The shooting on FSU's main campus in Tallahassee killed Tiru Chabba and Robert Morales. Five others suffered serious injuries. Chabba's family filed the lawsuit against OpenAI and Ikner in federal court on Sunday.

The suit claims ChatGPT assisted Ikner in planning the shooting for months. It suggested weapons, campus locations and times when the most people would be at risk.

"Ikner had multiple lengthy conversations with ChatGPT about his interests in Hitler, Nazis, fascism, national socialism, Christian nationalism and worse. They talked about multiple mass shootings and they planned this shooting together," attorney Bakari Sellers, who represents Chabba's widow Vandana Joshi, said in a statement. "Not once did anyone flag that as concerning. No one called the police or a psychiatrist or even Ikner's family because, to do so, would violate OpenAI's business model."

OpenAI spokesperson Drew Pusateri told CBS News on Monday that the company has cooperated with authorities since the shooting.

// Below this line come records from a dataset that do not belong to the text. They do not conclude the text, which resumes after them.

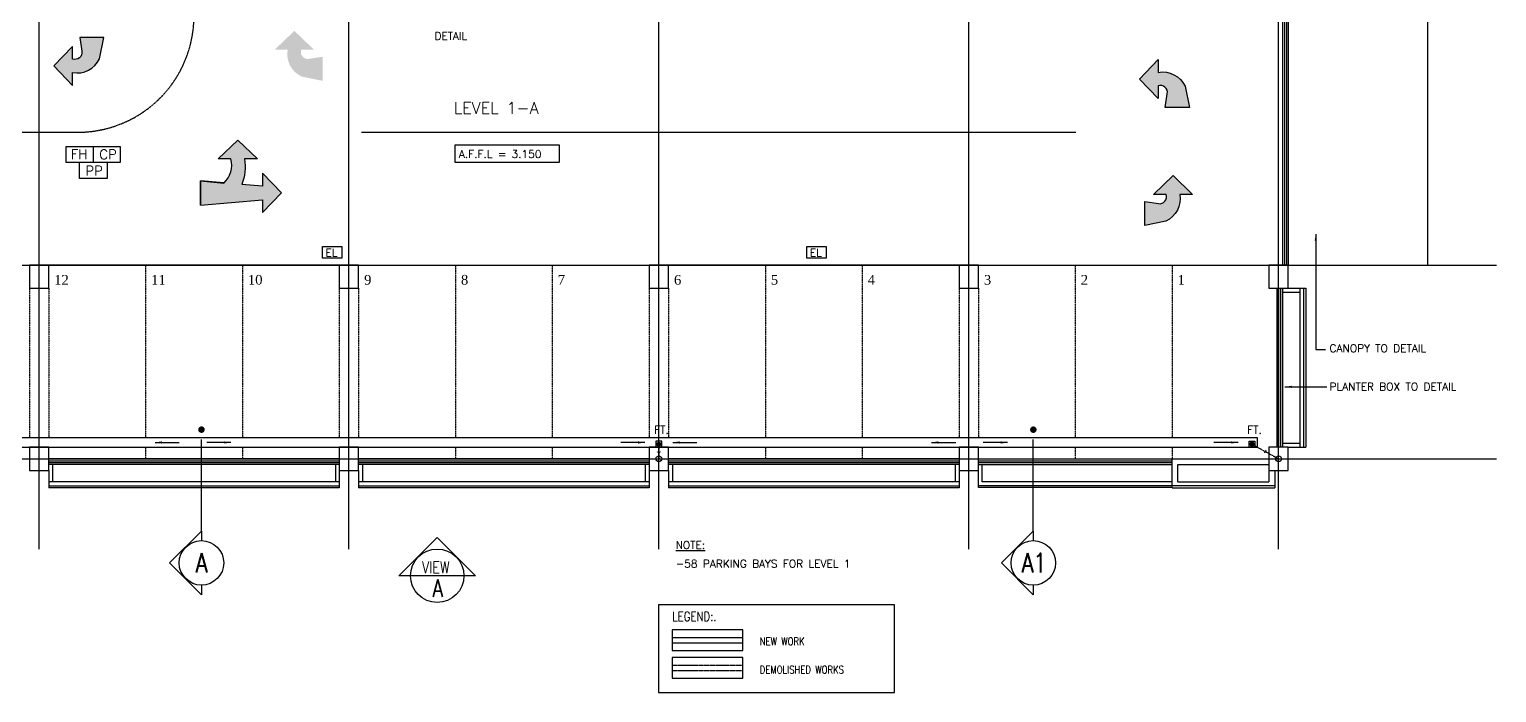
# Model space of a CAD drawing. Header units: millimetres. Extents: x -312260 to 194620, y -310600 to 21683.
# Drawn here: x -106208 to -68329, y -95026 to -77901 of the extents above; entities that cross this region are included whole.
import ezdxf
from ezdxf.enums import TextEntityAlignment as Align

# ---------------------------------------------------------------- set-up
doc = ezdxf.new("R2010")
doc.units = ezdxf.units.MM
doc.header["$LTSCALE"] = 5
doc.header["$MEASUREMENT"] = 0
for name, pattern in [('CENTER', [2, 1.25, -0.25, 0.25, -0.25]), ('DASHDOT', [1, 0.5, -0.25, 0, -0.25]), ('DASHDOT2', [0.5, 0.25, -0.125, 0, -0.125]), ('DASHED', [0.75, 0.5, -0.25]), ('DASHED2', [0.375, 0.25, -0.125]), ('DASHEDX2', [1.5, 1, -0.5]), ('HIDDEN2', [0.1875, 0.125, -0.0625])]:
    doc.linetypes.add(name, pattern=pattern)
for name, color, linetype in [('ARROW', 254, 'Continuous'), ('beam_p', 1, 'Continuous'), ('col', 7, 'Continuous'), ('CP NUMBERING', 1, 'Continuous'), ('DEMOLISHED- ASBUILT', 8, 'DASHED2'), ('DRAIN', 5, 'Continuous'), ('EL & K', 10, 'Continuous'), ('FIX', 5, 'Continuous'), ('GRID', 9, 'CENTER'), ('HORDING', 4, 'DASHDOT'), ('LEG-T', 7, 'Continuous'), ('LINE', 7, 'Continuous'), ('parap', 7, 'Continuous'), ('park L', 9, 'DASHEDX2'), ('RAIL', 1, 'Continuous'), ('RWDP', 1, 'Continuous'), ('SPEC', 7, 'Continuous'), ('T35', 2, 'Continuous'), ('TEXT', 7, 'Continuous'), ('wall', 2, 'Continuous')]:
    doc.layers.add(name, color=color, linetype=linetype)
doc.styles.add('CARPARK NO', font='TIMES.TTF', dxfattribs={"height": 200})
doc.styles.add('E', font='ROMANS.SHX', dxfattribs={"width": 0.9})
doc.styles.add('ROMANS', font='romans.shx', dxfattribs={"width": 0.9, "height": 450})
doc.styles.add('ROMS', font='romans.shx', dxfattribs={"width": 0.8, "height": 230})
doc.styles.add('S100', font='ROMANS.shx', dxfattribs={"height": 200})
doc.dimstyles.new('S100', dxfattribs={"dimscale": 0, "dimtxt": 150, "dimasz": 175, "dimexe": 150, "dimexo": 150, "dimgap": 150, "dimtad": 1, "dimdec": 0, "dimzin": 0, "dimdsep": 46, "dimtxsty": 'S100', "dimcen": 0, "dimdle": 100, "dimclrd": 5, "dimclre": 5, "dimclrt": 1, "dimaunit": 1, "dimadec": 0, "dimazin": 0, "dimtfac": 1, "dimtdec": 0, "dimtofl": 0, "dimtmove": 1, "dimatfit": 3, "dimfxl": 1, "dimtolj": 1, "dimtzin": 0, "dimarcsym": 0})

# ---------------------------------------------------------------- blocks, each defined once
blk = doc.blocks.new('FT')
at = {"layer": 'FIX', "color": 6, "linetype": 'Continuous'}
for p, q in [((-102916, 3485), (-102974, 3542)), ((-102947, 3489), (-102969, 3511)), ((-102897, 3492), (-102966, 3561)), ((-102883, 3505), (-102953, 3575)), ((-102875, 3524), (-102934, 3583)), ((-102878, 3553), (-102905, 3580))]:
    blk.add_line(p, q, dxfattribs=at)
blk.add_lwpolyline([(-102849, 3609), (-102999, 3609), (-102999, 3459), (-102849, 3459)], close=True, dxfattribs=at)
blk.add_circle((-102924, 3534), 50, dxfattribs=at)

msp = doc.modelspace()

# ---------------------------------------------------------------- hatches: boundary and pattern name
at = {"layer": 'ARROW', "linetype": 'Continuous'}
for points in [[(-98988.5, -78662.5), (-98633.6, -78608.3), (-98633.6, -79230.9), (-99179.9, -79119.9, -0.3415961), (-99539, -78424.7), (-99870.6, -78424.7), (-99366.2, -77940), (-98861.8, -78424.7), (-99188.8, -78424.7, 0.5725495)], [(-105089.5, -78667), (-105089.5, -78340.1), (-105574.3, -78844.5), (-105089.5, -79348.9), (-105089.5, -79017.3, 0.3415961), (-104394.4, -78658.2), (-104283.4, -78111.9), (-104906, -78111.9), (-104851.8, -78466.8, -0.5725495)], [(-76830.7, -79561.7), (-76884.9, -79916.6), (-76262.3, -79916.6), (-76373.3, -79370.3, 0.3415961), (-77068.5, -79011.2), (-77068.5, -78679.6), (-77553.2, -79184), (-77068.5, -79688.4), (-77068.5, -79361.4, -0.5725495)], [(-100186.8, -82299.9), (-100186.8, -82626.8), (-99702, -82122.4), (-100186.8, -81618), (-100186.8, -81949.6), (-100722.9, -81902.3, 0.1324519), (-100652.4, -81246.3), (-100320.8, -81246.3), (-100825.2, -80761.5), (-101329.6, -81246.3), (-101002.7, -81246.3, -0.2742982), (-101186.2, -81868.7), (-101792.1, -81814.5), (-101792.1, -82437.1)], [(-77060.5, -82399.6), (-77415.3, -82345.5), (-77415.3, -82968), (-76869, -82857.1, 0.3415961), (-76509.9, -82161.9), (-76178.3, -82161.9), (-76682.7, -81677.1), (-77187.1, -82161.9), (-76860.2, -82161.9, -0.5725495)]]:
    msp.add_hatch(color=256, dxfattribs=at).paths.add_polyline_path(points)

# ---------------------------------------------------------------- linework, layer by layer
for p, q in [((-104558.5, -80928), (-104558.5, -81338.6)), ((-104202.2, -81338.6), (-104202.2, -81749.2)), ((-94988.2, -92007.5), (-96368.2, -92007.5))]:
    msp.add_line(p, q)
at = {"color": 3}
for p, q in [((-101764.1, -90852.8), (-101764.1, -88492.6)), ((-80290.1, -90852.8), (-80290.1, -88492.6)), ((-101764.1, -90852.8), (-102588.6, -91677.3)), ((-101764.1, -90852.8), (-101764.1, -91099.7)), ((-80290.1, -90852.8), (-81114.7, -91677.3)), ((-80290.1, -90852.8), (-80290.1, -91099.7)), ((-101764.1, -92501.9), (-102588.6, -91677.3)), ((-80290.1, -92501.9), (-81114.7, -91677.3)), ((-101764.1, -92249.7), (-101764.1, -92501.9)), ((-80290.1, -92249.7), (-80290.1, -92501.9))]:
    msp.add_line(p, q, dxfattribs=at)
at = {"color": 1}
msp.add_lwpolyline([(-95217.7, -80879.1), (-92532.5, -80879.1), (-92532.5, -81341.1), (-95217.7, -81341.1)], close=True, dxfattribs=at)
at = {"color": 3, "const_width": 83.6}
for points in [[(-101805.9, -88235.5, 1), (-101722.3, -88235.5, 1)], [(-80331.9, -88235.5, 1), (-80248.3, -88235.5, 1)]]:
    msp.add_lwpolyline(points, format="xyb", close=True, dxfattribs=at)
at = {"color": 3}
for centre, radius in [((-101764.1, -91674.7), 575), ((-80290.1, -91674.7), 575), ((-95678.2, -92007.5), 690)]:
    msp.add_circle(centre, radius, dxfattribs=at)
at = {"layer": 'ARROW', "linetype": 'Continuous', "flags": 128}
for points in [[(-105089.5, -79017.3, 0.3415961), (-104394.4, -78658.2), (-104283.4, -78111.9), (-104906, -78111.9), (-104851.8, -78466.8, -0.5725495), (-105089.5, -78667), (-105089.5, -78340.1), (-105574.3, -78844.5), (-105089.5, -79348.9), (-105089.5, -79017.3)], [(-77068.5, -79011.2, -0.3415961), (-76373.3, -79370.3), (-76262.3, -79916.6), (-76884.9, -79916.6), (-76830.7, -79561.7, 0.5725495), (-77068.5, -79361.4), (-77068.5, -79688.4), (-77553.2, -79184), (-77068.5, -78679.6), (-77068.5, -79011.2)], [(-101792.1, -82437.1), (-101792.1, -82437.1), (-101792.1, -81814.5), (-101186.2, -81868.7, 0.2742982), (-101002.7, -81246.3), (-101329.6, -81246.3), (-100825.2, -80761.5), (-100320.8, -81246.3), (-100652.4, -81246.3)], [(-100652.4, -81246.3, -0.1324519), (-100722.9, -81902.3, -0.1324519)], [(-76509.9, -82161.9, -0.3415961), (-76869, -82857.1), (-77415.3, -82968), (-77415.3, -82345.5), (-77060.5, -82399.6, 0.5725495), (-76860.2, -82161.9), (-77187.1, -82161.9), (-76682.7, -81677.1), (-76178.3, -82161.9), (-76509.9, -82161.9)]]:
    msp.add_lwpolyline(points, format="xyb", dxfattribs=at)
for points in [[(-101792.1, -81807.8), (-101792.1, -82437.1), (-100186.8, -82299.9), (-100186.8, -82626.8), (-99702, -82122.4), (-100186.8, -81618), (-100186.8, -81949.6), (-100722.9, -81902.3)], [(-101179.1, -81862), (-101792.1, -81807.8)]]:
    msp.add_lwpolyline(points, dxfattribs=at)
at = {"layer": 'beam_p', "ltscale": 2}
for p, q in [((-73857.7, -84686.9), (-73407.7, -84686.9)), ((-73707.7, -84586.9), (-73257.7, -84586.9)), ((-73407.7, -84586.9), (-73407.7, -88686.9)), ((-73257.7, -84586.9), (-73257.7, -88686.9)), ((-73857.7, -88586.9), (-73407.7, -88586.9)), ((-73707.7, -88686.9), (-73257.7, -88686.9)), ((-105707.7, -89286.9), (-105707.7, -89736.9)), ((-105607.7, -89136.9), (-105607.7, -89586.9)), ((-98307.7, -89136.9), (-98307.7, -89586.9)), ((-98207.7, -89286.9), (-98207.7, -89736.9)), ((-97707.7, -89286.9), (-97707.7, -89736.9)), ((-97607.7, -89136.9), (-97607.7, -89586.9)), ((-90307.7, -89136.9), (-90307.7, -89586.9)), ((-90207.7, -89286.9), (-90207.7, -89736.9)), ((-89707.7, -89286.9), (-89707.7, -89736.9)), ((-89607.7, -89136.9), (-89607.7, -89586.9)), ((-82307.7, -89136.9), (-82307.7, -89586.9)), ((-82207.7, -89286.9), (-82207.7, -89736.9)), ((-76557.7, -89586.9), (-76557.7, -89136.9)), ((-76557.7, -89136.9), (-74207.7, -89136.9)), ((-74207.7, -89136.9), (-74207.7, -89586.9)), ((-98207.7, -89586.9), (-105707.7, -89586.9)), ((-98207.7, -89736.9), (-105707.7, -89736.9)), ((-90207.7, -89586.9), (-97707.7, -89586.9)), ((-90207.7, -89736.9), (-97707.7, -89736.9)), ((-82207.7, -89586.9), (-89707.7, -89586.9)), ((-82207.7, -89736.9), (-89707.7, -89736.9)), ((-76557.7, -89586.9), (-74207.7, -89586.9))]:
    msp.add_line(p, q, dxfattribs=at)
at = {"layer": 'beam_p', "color": 5, "linetype": 'HIDDEN2', "ltscale": 2}
for p, q in [((-73307.7, -88686.9), (-73307.7, -84586.9)), ((-105707.7, -89686.9), (-98207.7, -89686.9)), ((-97707.7, -89686.9), (-90207.7, -89686.9)), ((-89707.7, -89686.9), (-82207.7, -89686.9)), ((-74057.7, -89686.9), (-76707.7, -89686.9))]:
    msp.add_line(p, q, dxfattribs=at)
at = {"layer": 'beam_p', "color": 7, "ltscale": 2}
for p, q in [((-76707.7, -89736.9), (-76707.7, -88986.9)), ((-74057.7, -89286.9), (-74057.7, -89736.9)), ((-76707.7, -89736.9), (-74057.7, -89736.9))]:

"Last year's mass shooting at Florida State University was a tragedy, but ChatGPT is not responsible for this terrible crime," Pusateri said. He added, "In this case, ChatGPT provided factual responses to questions with information that could be found broadly across public sources on the internet, and it did not encourage or promote illegal or harmful activity."

Pusateri said ChatGPT serves millions for legitimate uses.

"We work continuously to strengthen our safeguards to detect harmful intent, limit misuse, and respond appropriately when safety risks arise," he said.

The FSU shooting marks the second deadly attack linked to ChatGPT. The suspect in last month's killings of two University of South Florida graduate students allegedly asked the chatbot how to dispose of a body before the students vanished.

In another case, families of victims from a mass shooting in Canada sued OpenAI and CEO Sam Altman. They alleged the company knew of the shooter's plans but failed to alert authorities.